* Records from a data source *
- - - -

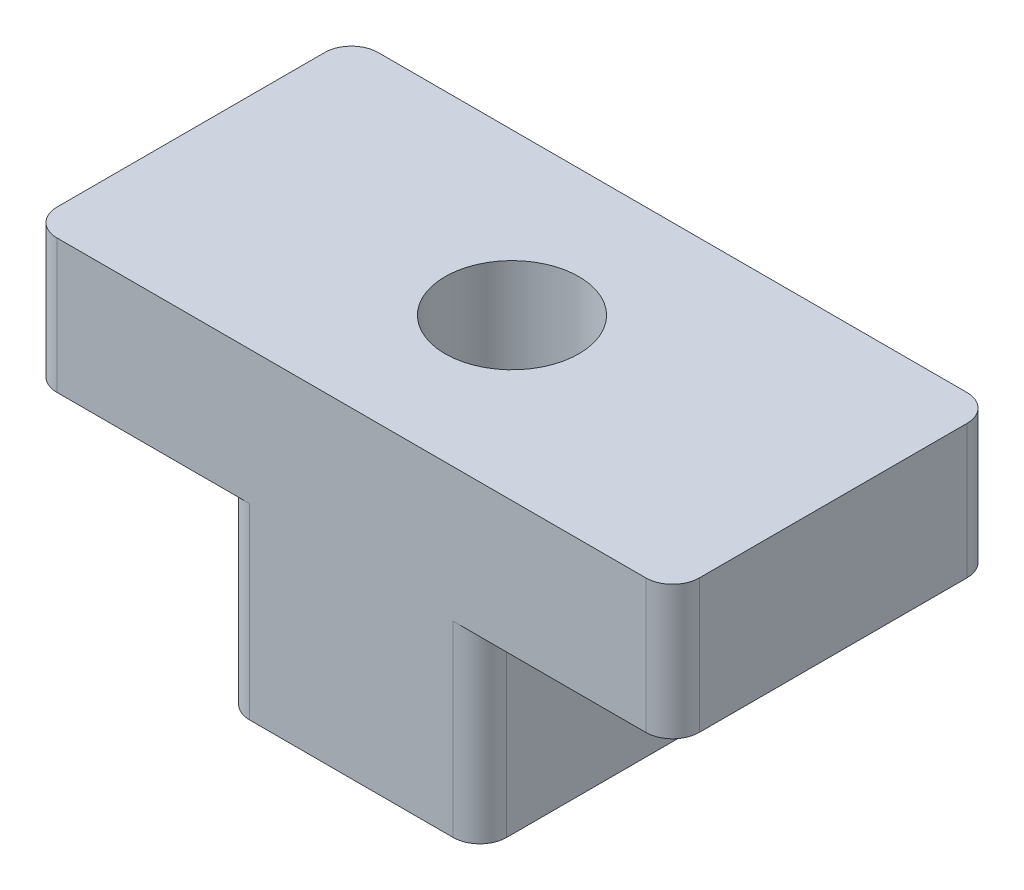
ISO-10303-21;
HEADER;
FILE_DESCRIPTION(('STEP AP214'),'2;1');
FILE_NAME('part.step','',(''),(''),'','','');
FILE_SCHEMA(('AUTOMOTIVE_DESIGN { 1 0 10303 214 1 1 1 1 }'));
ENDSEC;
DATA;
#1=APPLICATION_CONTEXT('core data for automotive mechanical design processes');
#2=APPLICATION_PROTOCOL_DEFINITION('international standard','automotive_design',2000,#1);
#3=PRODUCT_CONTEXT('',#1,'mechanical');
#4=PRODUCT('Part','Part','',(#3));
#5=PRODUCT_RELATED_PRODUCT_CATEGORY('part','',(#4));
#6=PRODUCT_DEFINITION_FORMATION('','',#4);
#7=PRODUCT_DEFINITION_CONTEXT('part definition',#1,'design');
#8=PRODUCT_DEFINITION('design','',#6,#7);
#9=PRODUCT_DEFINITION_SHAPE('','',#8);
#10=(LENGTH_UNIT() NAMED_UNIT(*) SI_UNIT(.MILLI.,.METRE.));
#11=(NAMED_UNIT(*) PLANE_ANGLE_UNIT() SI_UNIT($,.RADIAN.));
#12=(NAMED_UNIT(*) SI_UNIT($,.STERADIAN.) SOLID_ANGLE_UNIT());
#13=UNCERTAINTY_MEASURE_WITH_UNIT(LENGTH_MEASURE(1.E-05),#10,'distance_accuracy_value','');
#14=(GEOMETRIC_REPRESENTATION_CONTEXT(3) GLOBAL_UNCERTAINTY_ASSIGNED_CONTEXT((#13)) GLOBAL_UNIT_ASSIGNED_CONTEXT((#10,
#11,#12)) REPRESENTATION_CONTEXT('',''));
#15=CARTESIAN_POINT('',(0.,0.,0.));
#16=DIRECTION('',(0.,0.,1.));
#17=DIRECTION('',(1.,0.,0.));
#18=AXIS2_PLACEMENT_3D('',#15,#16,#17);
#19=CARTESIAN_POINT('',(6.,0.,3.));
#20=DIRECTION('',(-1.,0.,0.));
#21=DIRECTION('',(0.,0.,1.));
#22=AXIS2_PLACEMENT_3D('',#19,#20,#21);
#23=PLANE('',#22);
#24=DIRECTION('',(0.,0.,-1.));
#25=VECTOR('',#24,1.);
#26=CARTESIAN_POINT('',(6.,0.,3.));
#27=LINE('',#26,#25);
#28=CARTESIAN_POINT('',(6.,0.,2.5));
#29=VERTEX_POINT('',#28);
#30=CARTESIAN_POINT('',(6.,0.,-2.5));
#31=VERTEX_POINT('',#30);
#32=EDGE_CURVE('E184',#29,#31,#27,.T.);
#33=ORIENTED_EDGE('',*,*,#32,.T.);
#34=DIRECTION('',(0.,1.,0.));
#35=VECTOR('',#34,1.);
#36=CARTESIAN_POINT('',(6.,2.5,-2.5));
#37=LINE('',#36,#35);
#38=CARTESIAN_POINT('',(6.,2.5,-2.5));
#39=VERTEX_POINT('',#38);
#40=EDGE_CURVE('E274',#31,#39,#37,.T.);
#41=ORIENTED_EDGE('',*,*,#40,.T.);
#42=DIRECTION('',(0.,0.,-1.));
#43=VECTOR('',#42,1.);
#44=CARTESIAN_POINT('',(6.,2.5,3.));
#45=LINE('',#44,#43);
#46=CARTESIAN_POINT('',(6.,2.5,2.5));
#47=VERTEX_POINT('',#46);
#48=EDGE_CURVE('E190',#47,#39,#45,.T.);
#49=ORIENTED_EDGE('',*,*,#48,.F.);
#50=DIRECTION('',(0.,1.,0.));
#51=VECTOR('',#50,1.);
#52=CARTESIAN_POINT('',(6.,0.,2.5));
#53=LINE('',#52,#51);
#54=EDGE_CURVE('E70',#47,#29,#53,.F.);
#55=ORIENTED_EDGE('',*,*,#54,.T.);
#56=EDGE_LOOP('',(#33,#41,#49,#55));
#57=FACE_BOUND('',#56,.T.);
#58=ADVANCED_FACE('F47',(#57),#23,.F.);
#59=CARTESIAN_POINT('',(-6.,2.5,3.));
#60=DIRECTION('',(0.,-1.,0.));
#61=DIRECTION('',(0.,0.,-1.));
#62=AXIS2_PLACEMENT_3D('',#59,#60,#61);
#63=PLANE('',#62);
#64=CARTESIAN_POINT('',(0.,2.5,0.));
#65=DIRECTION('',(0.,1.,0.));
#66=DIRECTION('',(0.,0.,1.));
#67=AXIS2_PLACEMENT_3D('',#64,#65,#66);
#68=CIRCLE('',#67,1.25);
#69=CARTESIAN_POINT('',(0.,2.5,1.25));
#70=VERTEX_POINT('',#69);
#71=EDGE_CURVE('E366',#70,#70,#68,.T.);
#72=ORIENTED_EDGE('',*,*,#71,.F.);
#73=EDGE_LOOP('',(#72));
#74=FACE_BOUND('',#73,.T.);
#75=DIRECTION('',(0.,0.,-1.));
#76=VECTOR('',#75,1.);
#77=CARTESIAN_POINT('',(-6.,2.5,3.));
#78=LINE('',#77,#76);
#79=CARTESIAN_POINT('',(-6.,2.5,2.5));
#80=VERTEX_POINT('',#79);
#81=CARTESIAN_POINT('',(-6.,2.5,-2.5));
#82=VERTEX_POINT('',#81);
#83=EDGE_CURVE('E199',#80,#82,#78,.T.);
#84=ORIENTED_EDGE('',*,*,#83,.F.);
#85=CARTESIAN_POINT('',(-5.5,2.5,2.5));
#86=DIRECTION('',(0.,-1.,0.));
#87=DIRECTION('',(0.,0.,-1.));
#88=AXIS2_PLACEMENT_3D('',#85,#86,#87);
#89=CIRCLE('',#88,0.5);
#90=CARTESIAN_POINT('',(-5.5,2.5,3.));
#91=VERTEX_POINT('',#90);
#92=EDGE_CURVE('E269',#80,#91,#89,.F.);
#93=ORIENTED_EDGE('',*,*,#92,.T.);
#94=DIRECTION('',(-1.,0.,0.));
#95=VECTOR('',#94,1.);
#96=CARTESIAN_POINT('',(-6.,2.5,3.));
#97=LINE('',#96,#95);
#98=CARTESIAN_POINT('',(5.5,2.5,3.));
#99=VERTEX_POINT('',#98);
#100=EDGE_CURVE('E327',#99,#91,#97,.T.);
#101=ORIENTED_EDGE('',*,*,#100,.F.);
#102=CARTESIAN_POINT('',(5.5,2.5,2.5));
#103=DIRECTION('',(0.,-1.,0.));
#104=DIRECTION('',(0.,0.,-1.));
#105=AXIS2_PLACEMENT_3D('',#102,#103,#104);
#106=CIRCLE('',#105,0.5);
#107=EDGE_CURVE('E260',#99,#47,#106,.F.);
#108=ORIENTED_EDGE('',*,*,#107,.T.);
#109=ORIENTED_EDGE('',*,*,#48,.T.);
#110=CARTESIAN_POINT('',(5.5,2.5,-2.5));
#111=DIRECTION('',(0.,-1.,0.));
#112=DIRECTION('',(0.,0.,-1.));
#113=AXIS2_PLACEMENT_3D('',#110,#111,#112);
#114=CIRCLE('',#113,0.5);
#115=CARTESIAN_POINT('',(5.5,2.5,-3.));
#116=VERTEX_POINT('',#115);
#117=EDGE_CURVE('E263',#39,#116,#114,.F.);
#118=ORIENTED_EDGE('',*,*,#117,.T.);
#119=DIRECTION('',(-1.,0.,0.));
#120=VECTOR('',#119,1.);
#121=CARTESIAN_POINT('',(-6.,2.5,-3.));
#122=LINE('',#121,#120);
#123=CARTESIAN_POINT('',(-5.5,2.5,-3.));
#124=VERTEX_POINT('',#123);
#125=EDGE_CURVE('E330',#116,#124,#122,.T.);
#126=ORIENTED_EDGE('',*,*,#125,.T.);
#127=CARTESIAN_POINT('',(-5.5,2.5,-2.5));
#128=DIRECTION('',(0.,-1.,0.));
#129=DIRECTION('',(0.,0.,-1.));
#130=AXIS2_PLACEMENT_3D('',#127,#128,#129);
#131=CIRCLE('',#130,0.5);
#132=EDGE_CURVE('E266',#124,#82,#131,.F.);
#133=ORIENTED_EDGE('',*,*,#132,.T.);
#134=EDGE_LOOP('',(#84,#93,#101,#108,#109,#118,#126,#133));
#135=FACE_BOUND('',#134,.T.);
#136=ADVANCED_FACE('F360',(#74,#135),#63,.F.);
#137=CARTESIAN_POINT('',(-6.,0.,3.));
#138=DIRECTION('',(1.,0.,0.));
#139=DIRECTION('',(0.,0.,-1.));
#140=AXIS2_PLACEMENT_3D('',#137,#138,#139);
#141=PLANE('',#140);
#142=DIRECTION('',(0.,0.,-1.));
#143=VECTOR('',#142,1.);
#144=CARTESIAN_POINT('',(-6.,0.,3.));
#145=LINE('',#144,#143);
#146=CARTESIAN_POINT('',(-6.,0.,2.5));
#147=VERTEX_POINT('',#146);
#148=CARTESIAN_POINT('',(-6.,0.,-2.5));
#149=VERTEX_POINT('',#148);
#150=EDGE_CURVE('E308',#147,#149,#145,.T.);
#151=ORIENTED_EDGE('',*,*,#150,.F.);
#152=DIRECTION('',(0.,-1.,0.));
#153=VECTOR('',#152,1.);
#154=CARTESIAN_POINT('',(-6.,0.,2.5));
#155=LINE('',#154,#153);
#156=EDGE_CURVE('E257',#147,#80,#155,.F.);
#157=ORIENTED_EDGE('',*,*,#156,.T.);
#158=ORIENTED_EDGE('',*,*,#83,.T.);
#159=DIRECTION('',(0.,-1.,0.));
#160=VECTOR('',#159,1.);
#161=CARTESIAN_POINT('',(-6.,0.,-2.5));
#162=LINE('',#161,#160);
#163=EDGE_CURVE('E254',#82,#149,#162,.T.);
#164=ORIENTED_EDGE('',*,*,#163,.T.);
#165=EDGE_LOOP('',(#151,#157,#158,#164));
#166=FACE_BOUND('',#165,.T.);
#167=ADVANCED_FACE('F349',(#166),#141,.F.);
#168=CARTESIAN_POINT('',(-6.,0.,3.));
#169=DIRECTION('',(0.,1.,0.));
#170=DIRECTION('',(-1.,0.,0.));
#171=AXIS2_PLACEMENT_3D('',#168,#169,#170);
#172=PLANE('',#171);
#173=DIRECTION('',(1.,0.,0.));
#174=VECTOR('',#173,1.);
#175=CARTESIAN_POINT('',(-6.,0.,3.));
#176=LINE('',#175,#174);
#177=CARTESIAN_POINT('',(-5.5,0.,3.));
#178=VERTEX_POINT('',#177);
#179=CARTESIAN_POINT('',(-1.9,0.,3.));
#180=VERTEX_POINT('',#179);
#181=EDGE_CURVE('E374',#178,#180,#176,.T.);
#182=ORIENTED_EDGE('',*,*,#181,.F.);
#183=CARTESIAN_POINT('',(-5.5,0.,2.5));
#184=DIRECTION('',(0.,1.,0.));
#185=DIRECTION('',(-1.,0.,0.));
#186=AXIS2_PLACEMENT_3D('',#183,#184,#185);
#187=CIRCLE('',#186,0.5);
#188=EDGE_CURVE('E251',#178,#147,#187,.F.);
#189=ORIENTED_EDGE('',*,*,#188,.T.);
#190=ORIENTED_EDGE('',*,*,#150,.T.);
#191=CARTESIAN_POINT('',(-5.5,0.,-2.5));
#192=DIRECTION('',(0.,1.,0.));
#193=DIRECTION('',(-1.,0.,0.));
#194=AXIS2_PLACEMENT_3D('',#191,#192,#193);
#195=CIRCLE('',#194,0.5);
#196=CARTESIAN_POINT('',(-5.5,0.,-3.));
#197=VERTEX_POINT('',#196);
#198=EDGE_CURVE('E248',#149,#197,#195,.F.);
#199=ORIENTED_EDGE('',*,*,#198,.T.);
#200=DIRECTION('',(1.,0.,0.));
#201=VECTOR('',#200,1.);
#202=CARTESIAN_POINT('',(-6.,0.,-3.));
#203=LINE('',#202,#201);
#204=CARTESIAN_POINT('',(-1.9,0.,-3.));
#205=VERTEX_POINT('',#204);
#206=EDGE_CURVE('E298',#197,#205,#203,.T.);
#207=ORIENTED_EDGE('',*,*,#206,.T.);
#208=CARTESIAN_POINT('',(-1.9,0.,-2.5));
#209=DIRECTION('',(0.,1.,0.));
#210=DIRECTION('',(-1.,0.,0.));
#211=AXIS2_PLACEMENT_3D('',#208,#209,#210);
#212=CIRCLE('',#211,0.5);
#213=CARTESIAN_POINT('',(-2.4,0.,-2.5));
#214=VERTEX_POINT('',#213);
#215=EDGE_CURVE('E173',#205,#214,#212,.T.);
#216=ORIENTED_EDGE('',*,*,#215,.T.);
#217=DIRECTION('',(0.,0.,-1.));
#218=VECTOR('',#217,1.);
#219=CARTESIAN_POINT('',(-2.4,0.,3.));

- - - -

* Task to carry out *
Only the last part of the entries above is needed: please copy the line with "#203=LINE('',#202,#201);" and each line after it exactly.

* Response to this exercise *
#203=LINE('',#202,#201);
#204=CARTESIAN_POINT('',(-1.9,0.,-3.));
#205=VERTEX_POINT('',#204);
#206=EDGE_CURVE('E298',#197,#205,#203,.T.);
#207=ORIENTED_EDGE('',*,*,#206,.T.);
#208=CARTESIAN_POINT('',(-1.9,0.,-2.5));
#209=DIRECTION('',(0.,1.,0.));
#210=DIRECTION('',(-1.,0.,0.));
#211=AXIS2_PLACEMENT_3D('',#208,#209,#210);
#212=CIRCLE('',#211,0.5);
#213=CARTESIAN_POINT('',(-2.4,0.,-2.5));
#214=VERTEX_POINT('',#213);
#215=EDGE_CURVE('E173',#205,#214,#212,.T.);
#216=ORIENTED_EDGE('',*,*,#215,.T.);
#217=DIRECTION('',(0.,0.,-1.));
#218=VECTOR('',#217,1.);
#219=CARTESIAN_POINT('',(-2.4,0.,3.));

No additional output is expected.